Startup aims to make Census data easier to use
- By Matt Leonard
- Aug 09, 2016
That demographic data that the Census Bureau releases on American society is critical for social scientists and economists and praised for its accuracy. It is not, however, known for its ease of use.
But one Austin, Texas-based startup is hoping to make Census data less dense and more accessible. The social network data.world and National Science Federation-funded fellow Jonathan Ortiz are working toward a more intuitive dataset for the Census’ American Community Survey.
Data.world sells itself as a way to increase collaboration within the realm of data to “accelerate problem solving,” as the company’s cofounder and chief product officer Jon Loyens put it. It’s a social platform that helps people who work with data discover, prepare and share datasets. By linking datasets together using semantic web technology, data.world identifies and adds information about the concepts within the datasets, which makes them easier for people and machines to work with.

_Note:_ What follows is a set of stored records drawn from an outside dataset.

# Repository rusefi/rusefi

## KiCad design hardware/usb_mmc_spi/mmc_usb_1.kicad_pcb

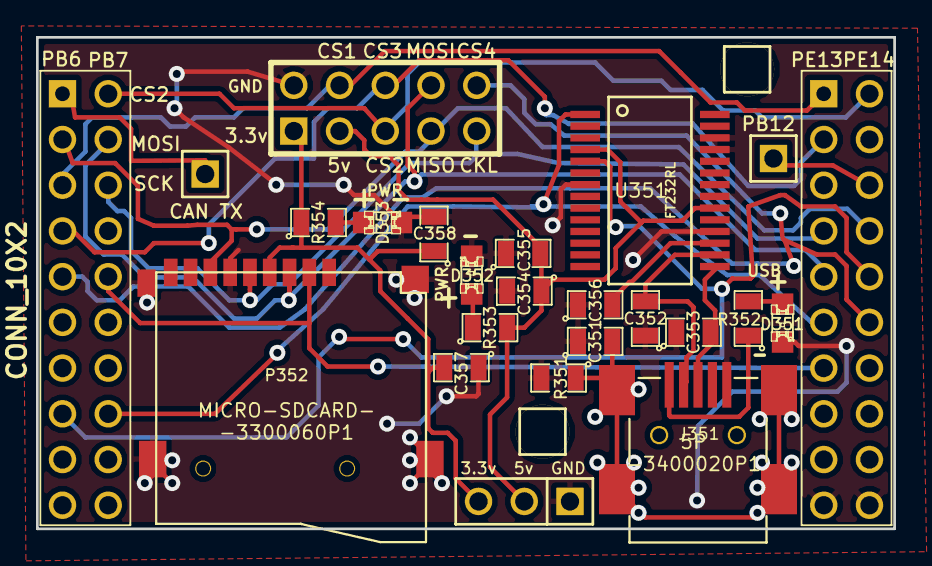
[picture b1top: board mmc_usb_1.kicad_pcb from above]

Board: 2 copper layers, 47.6 x 27.3 mm, 27 parts (1 on the bottom side), 23 nets.

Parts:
C351: 4700pF; SM0805
C352, C353: 47pF; SM0805
C354, C358: 4.7uF; SM0805
C355, C356, C357: .1uF; SM0805
D351: GREEN; LED-0805_A
D352, D353: RED; LED-0805_A
G305: LOGO; LOGO_F
J351: MINI-USB-5P-3400020P1
K351: CONN_3; PIN_ARRAY_3_A
M351, M352: CONN_1; PIN_ARRAY_1
P351: CONN_5X2; PIN_ARRAY_5x2_M
P352: MICRO-SDCARD-CONNECTOR-3300060P1
P353, P354: CONN_10X2; PIN_ARRAY_10X2_M
P355, P356: CONN_1; PIN_ARRAY_1
R351: 1M; SM0805
R352, R353, R354: 1k; SM0805
U351: FT232RL; ssop-28

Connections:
/3.3V: C357.2, C358.1, K351.3, P351.1, P352.4, R354.1
/5V: C354.1, C355.2, K351.2, P351.3, R353.2, U351.4, U351.20
/CAN_TX: P353.1, P356.1
/CS1: P351.4, P353.5, P354.1
/CS2: P351.5, P353.2, P354.2
/CS3: P351.6, P353.7, P354.3
/CS4: P351.10, P353.9, P354.12
/CS_SD_MODULE: P352.2, P353.10, P354.13
/D+: C353.2, J351.3, U351.15
/D-: C352.2, J351.2, U351.16
/SPI_MISO: P351.7, P352.7, P353.3, P354.8
/SPI_MOSI: P351.8, P352.3, P353.4, P354.9
/SPI_SCK: P351.9, P352.5, P353.6, P354.7
/USART_RX: P353.16, P354.11, U351.1
/USART_TX: P353.15, P354.10, U351.5
GND: C351.1, C352.1, C353.1, C354.2, C355.1, C356.1, C357.1, C358.2, D351.2, D352.2, D353.2, J351.5, K351.1, P351.2, P352.6, P352.G1, P352.G2, P352.G3, P352.G4, P354.19, P354.20, R351.2, U351.7, U351.18, U351.21, U351.25, U351.26
unnamed: J351.1, R352.1
unnamed: C351.2, J351.6, R351.1
unnamed: D351.1, R352.2
unnamed: D353.1, R354.2
unnamed: D352.1, R353.1
unnamed: P354.6, P355.1
unnamed: C356.2, U351.17

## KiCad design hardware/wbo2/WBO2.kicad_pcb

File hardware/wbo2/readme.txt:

Based on WBO2 1.1 from waltech.com - the source files were officially donated by Karl Walter

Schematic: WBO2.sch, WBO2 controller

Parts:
C1, C13: 10uf
C2, C7, C15: 1uf
C3: 22p
C4: 229
C5, C6: .1
C14: .1uf
D1, D2: LED
D3: DIODE-SOT
F1: FUSE
IC1: ATMEGA8-P; DIL28
K1, K2: CONN_3
L1: 10uh
P1: CONN_4
P2, P6, P7: CONN_2
Q1: MOS_N
R1: 100
R2, R9: 1.8k
R3: 18k
R4, R7, R8, R18, R19, R20, R21, R22, R23, R29: 10k
R10: 6.8k
R12: 62ohm
R13, R14: 22k
R15, R16: 12k
R17, R30: 100k
R24, R25, R26, R27, R28: 5k
U2: 7805
U4: LM324
X1: 4mhz

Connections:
/bit0: IC1.28 (PC5(ADC5/SCL)), R23.2
/bit1: IC1.27 (PC4(ADC4/SDA)), R22.2
/bit2: IC1.26 (PC3(ADC3)), R21.2
/bit3: IC1.19 (PB5(SCK)), R20.2
/bit4: IC1.18 (PB4(MISO)), R19.2
/bit5: IC1.14 (PB0(ICP)), R18.2
/nernst: IC1.25 (PC2(ADC2)), K2.1, R10.1
/pump: K2.2 (PM), R12.2, R14.2
/pump-adc: IC1.23 (PC0(ADC0)), R17.1, U4.1
/rcal: K2.3, R12.1, R13.2, U4.6 (-), U4.7
/vref: C13.2, K1.3, R1.1, R30.1
unnamed: C1.1, C6.2, D1.1 (A), IC1.7 (VCC), L1.2, P1.4, R3.1, U2.VO
unnamed: R13.1, R15.2, U4.3 (+)
unnamed: R23.1, R28.1, R29.2
unnamed: R22.1, R27.1, R28.2
unnamed: R21.1, R26.1, R27.2
unnamed: R20.1, R25.1, R26.2
unnamed: R19.1, R24.1, R25.2
unnamed: K1.1, Q1.D
unnamed: R14.1, R16.2, U4.2 (-)
unnamed: D2.1 (A), IC1.6 (PD4(XCK/T0))
unnamed: P6.1, U4.8, U4.9 (-)
unnamed: D2.2 (K), R9.2
unnamed: C14.2, R10.2
unnamed: C14.1, IC1.16 (PB2(SS/OC1B))
unnamed: IC1.15 (PB1(OC1A)), R7.2
unnamed: C2.1, IC1.21 (AREF)
unnamed: R3.2, R4.2, U4.12 (+)
unnamed: IC1.3 (PD1(TXD)), P1.3
unnamed: D1.2 (K), R2.2
unnamed: F1.1, P2.2 (PM)
unnamed: IC1.2 (PD0(RXD)), P1.2
unnamed: R1.2, U4.13 (-), U4.14
unnamed: IC1.17 (PB3(MOSI/OC2)), R8.2
unnamed: IC1.11 (PD5(T1)), Q1.G
unnamed: R15.1, R30.2
unnamed: R16.1, R17.2
unnamed: P7.2 (PM), R18.1, R24.2
unnamed: C15.2, R7.1, U4.5 (+)
unnamed: C7.2, R8.1, U4.10 (+)
unnamed: C5.1, IC1.20 (AVCC), L1.1
unnamed: C4.1, IC1.10 (PB7(XTAL2/TOSC2)), X1.2
unnamed: C3.1, IC1.9 (PB6(XTAL1/TOSC1)), X1.1
VDD: D3.3, F1.2, K1.2 (PM), U2.VI, U4.4 (VDD)
VSS: C1.2, C2.2, C3.2, C4.2, C5.2, C6.1, C7.1, C13.1, C15.1, D3.2, IC1.8 (GND), IC1.22 (AGND), P1.1, P2.1, P6.2 (PM), P7.1, Q1.S, R2.1, R4.1, R9.1, R29.1, U2.GND, U4.11 (VSS)

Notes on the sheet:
SERIAL
OUTPUT2
OUTPUT1
PUMP DRIVER
REFRENCE VOLTAGE
PUMP CURRENT MEASUREMENT
HEATER CONTROL
POWER SUPPLY

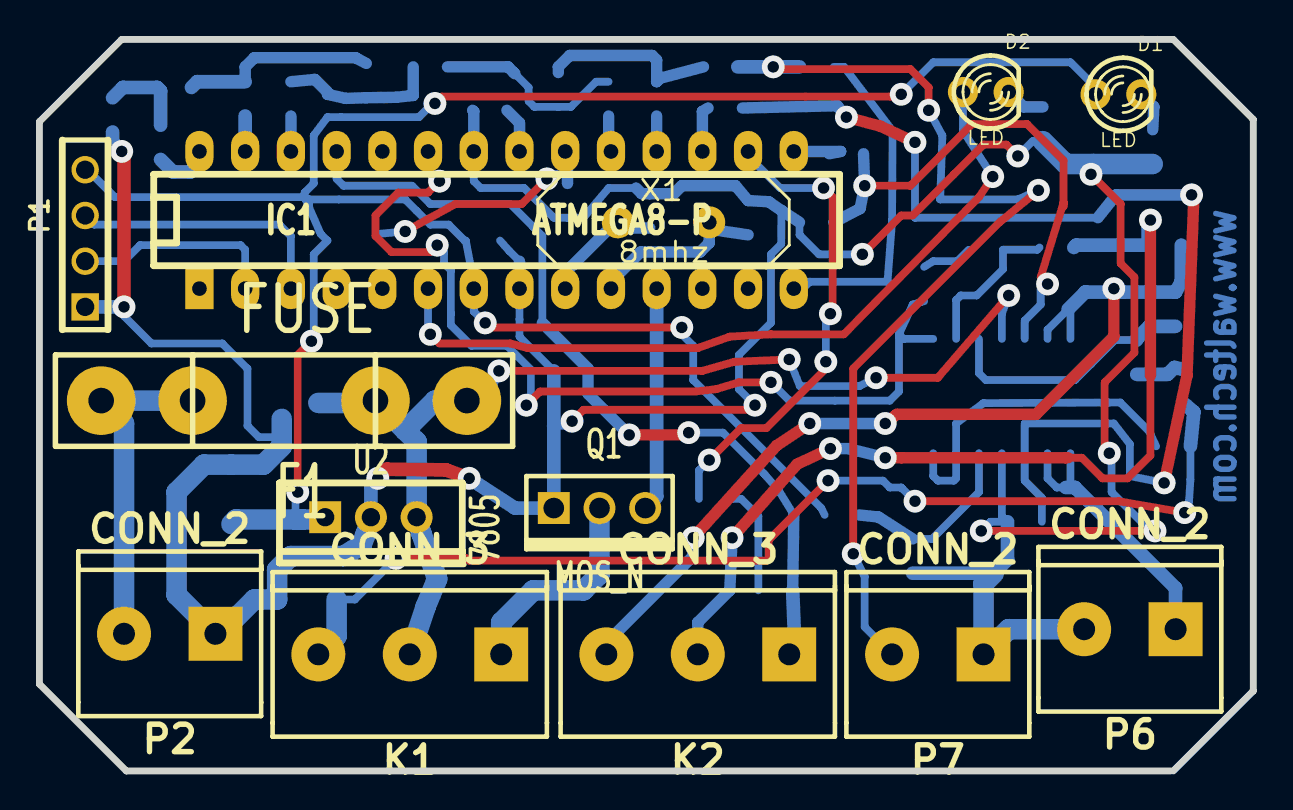
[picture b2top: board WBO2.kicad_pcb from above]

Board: 2 copper layers, 67.4 x 40.6 mm, 53 parts (0 on the bottom side), 45 nets.

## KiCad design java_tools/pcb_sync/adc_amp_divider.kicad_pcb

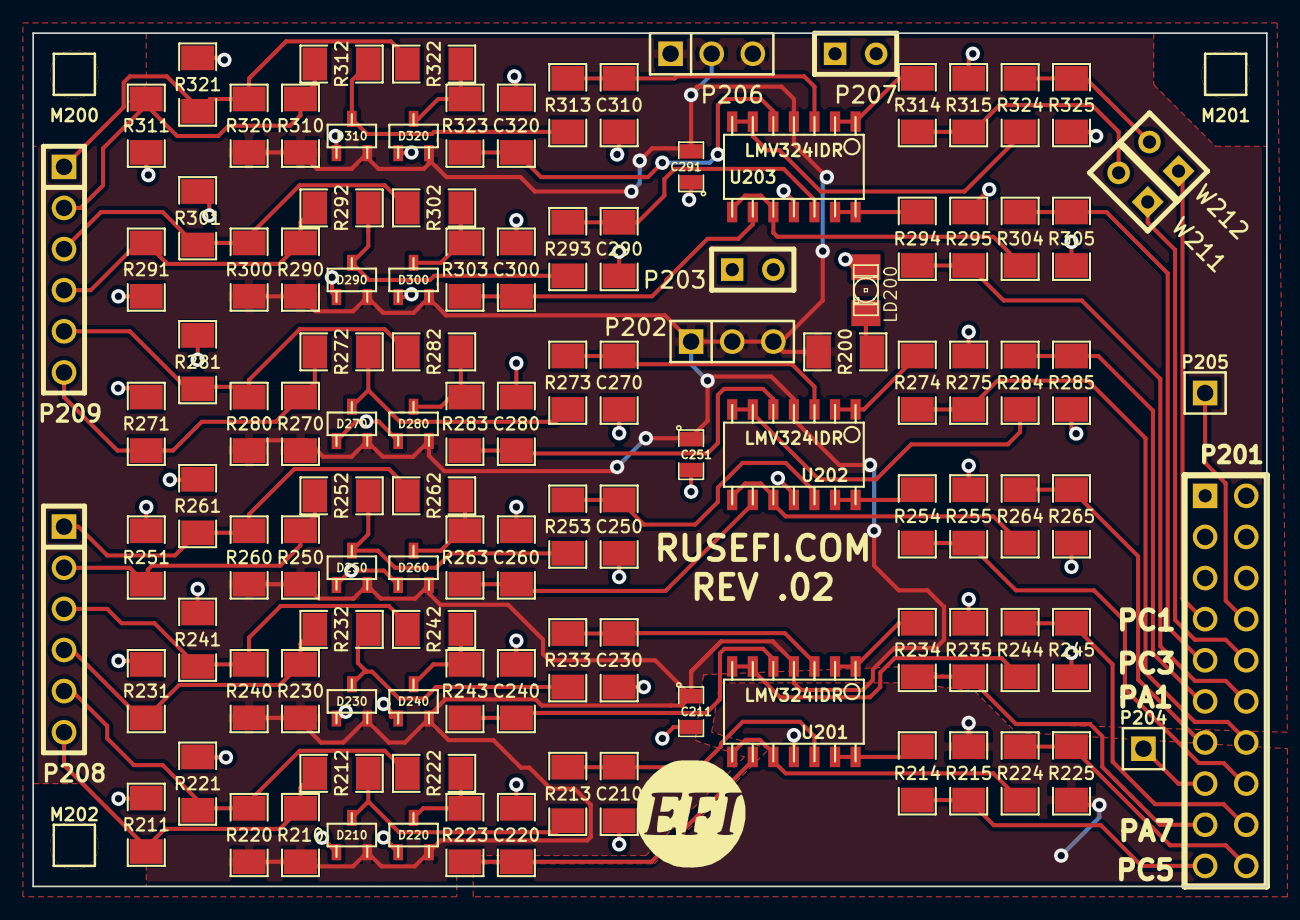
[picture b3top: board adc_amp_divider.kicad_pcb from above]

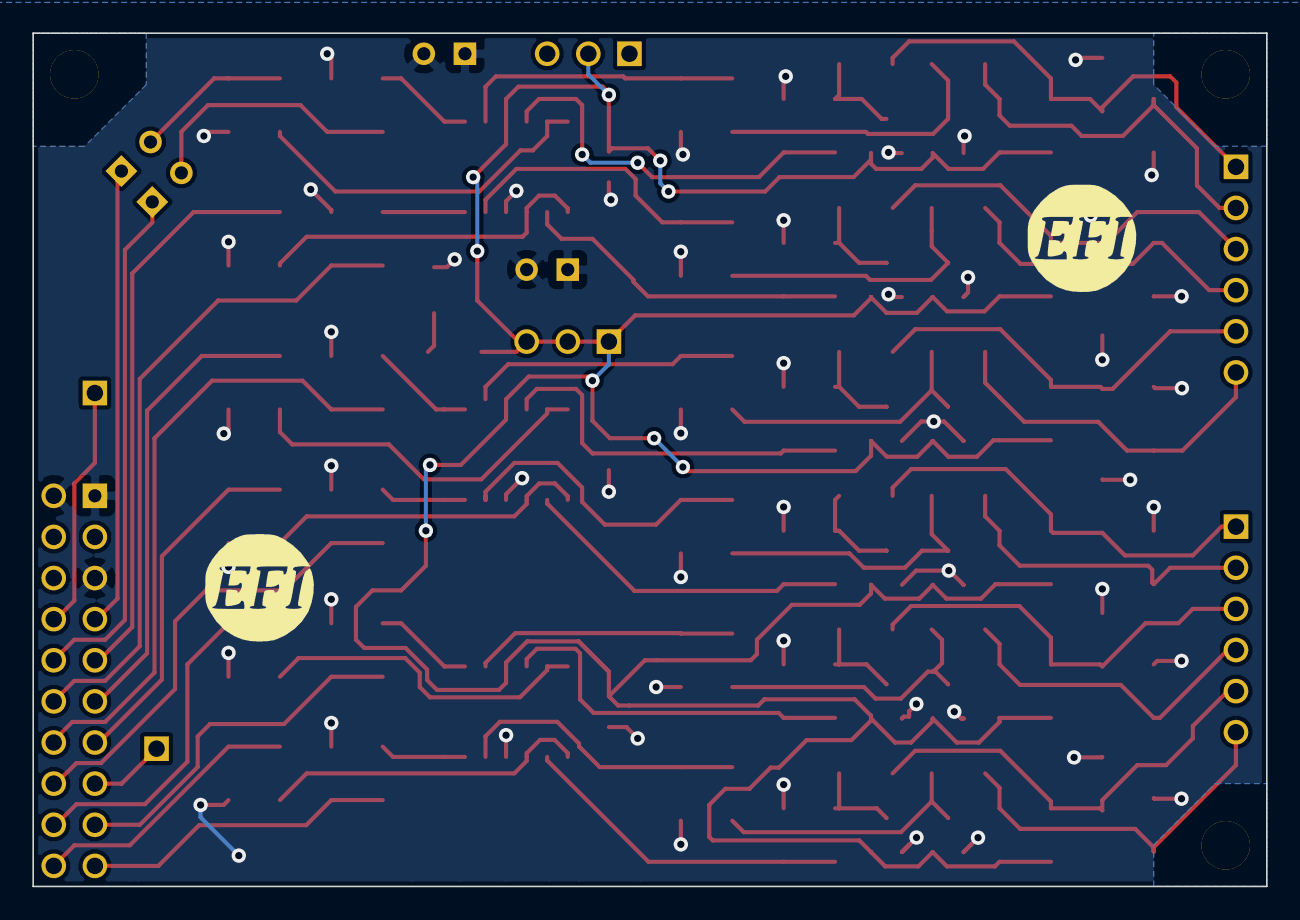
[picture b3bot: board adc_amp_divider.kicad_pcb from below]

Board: 2 copper layers, 76.2 x 52.7 mm, 121 parts (2 on the bottom side), 67 nets.

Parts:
C210, C220, C230, C240, C250, C260, C270, C280, C290, C300, C310, C320: 0.01uF; SM1206
C211, C251, C291: 0.1uF; SM0805
D210, D220, D230, D240, D250, D260, D270, D280, D290, D300, D310, D320: DOUBLE_SCHOTTKY; sot23
G200: LOGO
G201, G202: LOGO; LOGO_F
LD200: LED; LED-1206
M200, M201, M202: CONN_1; PIN_ARRAY_1
P201: CONN_10X2; PIN_ARRAY_10X2
P202, P206: CONN_3; PIN_ARRAY_3X1
P203, P207: CONN_2; SIL-2
P204, P205: CONN_1; PIN_ARRAY_1
P208, P209: CONN_6; PIN_ARRAY-6X1
R200, R213, R223, R233, R243, R253, R263, R273, R283, R293, R303, R313, R323: 100; SM1206
R210, R220, R230, R240, R250, R260, R270, R280, R290, R300, R310, R320: 2700; SM1206
R211, R221, R231, R241, R251, R261, R271, R281, R291, R301, R311, R321: 500K; SM1206
R212, R222, R232, R242, R252, R262, R272, R282, R292, R302, R312, R322: 10k; SM1206
R214, R215, R224, R225, R234, R235, R244, R245, R254, R255, R264, R265, R274, R275, R284, R285, R294, R295, R304, R305, R314, R315, R324, R325: 1500; SM1206
U201, U202, U203: LMV324IDR; so-14
W211, W212: TEST; SIL-2

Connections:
/INP1: P208.6, R210.1, R211.1, R212.1
/INP2: P208.5, R220.1, R221.1, R222.1
/INP3: P208.4, R230.1, R231.1, R232.1
/INP4: P208.3, R240.1, R241.1, R242.1
/INP5: P208.2, R250.1, R251.1, R252.1
/INP6: P208.1, R260.1, R261.1, R262.1
/INP7: P209.6, R270.1, R271.1, R272.1
/INP8: P209.5, R280.1, R281.1, R282.1
/INP9: P209.4, R290.1, R291.1, R292.1
/INP10: P209.3, R300.1, R301.1, R302.1
/INP11: P209.2, R310.1, R311.1, R312.1
/INP12: P209.1, R320.1, R321.1, R322.1
/OUT1: P201.19, R214.2, R215.1
/OUT2: P201.20, R224.2, R225.1
/OUT3: P201.17, R234.2, R235.1
/OUT4: P201.18, R244.2, R245.1
/OUT5: P201.16, R254.2, R255.1
/OUT6: P201.13, R264.2, R265.1
/OUT7: P201.14, R274.2, R275.1
/OUT8: P201.11, R284.2, R285.1
/OUT9: P201.12, R294.2, R295.1
/OUT10: P201.9, R304.2, R305.1
/OUT11: P201.10, W211.1
/OUT12: P201.7, W212.1
/PA5: P201.15, P204.1
/PC0: P201.8, P205.1
GND: C210.1, C211.2, C220.1, C230.1, C240.1, C250.1, C251.2, C260.1, C270.1, C280.1, C290.1, C291.1, C300.1, C310.1, C320.1, D210.1, D220.1, D230.1, D240.1, D250.1, D260.1, D270.1, D280.1, D290.1, D300.1, D310.1, D320.1, LD200.1, P201.1, P201.2, P201.5, P203.1, P203.2, P207.1, P207.2, R211.2, R215.2, R221.2, R225.2, R231.2, R235.2, R241.2, R245.2, R251.2, R255.2, R261.2, R265.2, R271.2, R275.2, R281.2, R285.2, R291.2, R295.2, R301.2, R305.2, R311.2, R315.2, R321.2, R325.2, U201.11, U202.11, U203.11
unnamed: D210.2, R212.2, R213.1
unnamed: D220.2, R222.2, R223.1
unnamed: C290.2, R293.2, U203.12
unnamed: C300.2, R303.2, U203.9
unnamed: D290.2, R292.2, R293.1
unnamed: D280.2, R282.2, R283.1
unnamed: D270.2, R272.2, R273.1
unnamed: D250.2, R252.2, R253.1
unnamed: D260.2, R262.2, R263.1
unnamed: D300.2, R302.2, R303.1
unnamed: R294.1, U203.13, U203.14
unnamed: R304.1, U203.8, U203.10
unnamed: C320.2, R323.2, U203.5
unnamed: D320.2, R322.2, R323.1
unnamed: D310.2, R312.2, R313.1
unnamed: R314.1, U203.1, U203.2
unnamed: C310.2, R313.2, U203.3
unnamed: R324.1, U203.6, U203.7
unnamed: R324.2, R325.1, W212.2
unnamed: R314.2, R315.1, W211.2
unnamed: R284.1, U202.6, U202.7
unnamed: R274.1, U202.1, U202.2
unnamed: R264.1, U202.8, U202.10
unnamed: R214.1, U201.13, U201.14
unnamed: R224.1, U201.8, U201.10
unnamed: R234.1, U201.1, U201.2
unnamed: R244.1, U201.6, U201.7
unnamed: C250.2, R253.2, U202.12
unnamed: R254.1, U202.13, U202.14
unnamed: C240.2, R243.2, U201.5
unnamed: D240.2, R242.2, R243.1
unnamed: C230.2, R233.2, U201.3
unnamed: C280.2, R283.2, U202.5
unnamed: C270.2, R273.2, U202.3
unnamed: C220.2, R223.2, U201.9
unnamed: C210.2, R213.2, U201.12
unnamed: C260.2, R263.2, U202.9
unnamed: LD200.2, R200.2
unnamed: D230.2, R232.2, R233.1
VCC: C211.1, C251.1, C291.2, D210.3, D220.3, D230.3, D240.3, D250.3, D260.3, D270.3, D280.3, D290.3, D300.3, D310.3, D320.3, P202.1, P202.2, P202.3, P206.1, P206.2, P206.3, R200.1, R210.2, R220.2, R230.2, R240.2, R250.2, R260.2, R270.2, R280.2, R290.2, R300.2, R310.2, R320.2, U201.4, U202.4, U203.4

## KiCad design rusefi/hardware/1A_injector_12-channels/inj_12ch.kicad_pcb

The conversation between Census and data.world began when Jeff Meisel, the Census Bureau's chief marketing officer, reached out to the South Big Data Hub, one of four regional innovation hubs established by the NSF that connects government with startups to work collaboratively on data projects.
South Big Data Hub put Meisel in touch with data.world and paved the way for Ortiz’s fellowship.
“Part of our mission is making our public data as easy to use as possible,” Meisel said, adding that Census information is used to make major decisions in both the private and public sectors.
But Ortiz said that even for those with a background in computer science and data, Census information can be difficult to work with.
“It is extremely large,” Ortiz said about the ACS data. “Even when dealing with one year of ACS, it’s already huge. It gets too large to handle on one computer, and that’s when it starts to be considered big data.… It’s accurate, but it’s not the tidiest, easiest dataset that I’ve ever seen.”
What makes the data even more complicated is the supporting information needed to understand the complete set. An example Ortiz used is fuel cost per household in the ACS. The numeral 1 in this category means the cost is included in rent, 2 has another meaning; and then numbers 3 through 9,999 correspond to monetary values.
The Census releases its data in a tabular form. Ortiz explained that with tabular data, a computer doesn’t "know" what it’s looking at. But data.world is changing it to an RDF format that will give the values within a dataset corresponding metadata. With the addition of metadata, computers can interpret a number and its relationship to the whole dataset.
This makes the second part of data.world’s goal more attainable. The website is a social platform where users can comment on and share datasets. Having smarter data makes this collaboration easier for users.
When data scientists begin working with a new set of numbers, the first and most time-consuming task is cleaning up the data set to get a better idea of what it is that they’re looking at. Data.world wants to shorten that first step, specifically for the Census data, Loyens said.
Ortiz said they are “about 85 percent done” with the ACS dataset for the state of Wyoming, which was the first state to make the transition to data.world because its low population generated a proportionally smaller dataset. The changes made in the information for Wyoming will be the same ones used for the rest of the states, so the transition will go much quicker for the remaining states and territories, he said.
Editor's note: This article was changed Aug. 10 to clarify how data.world works with tabular data.
Matt Leonard is a former reporter for GCN.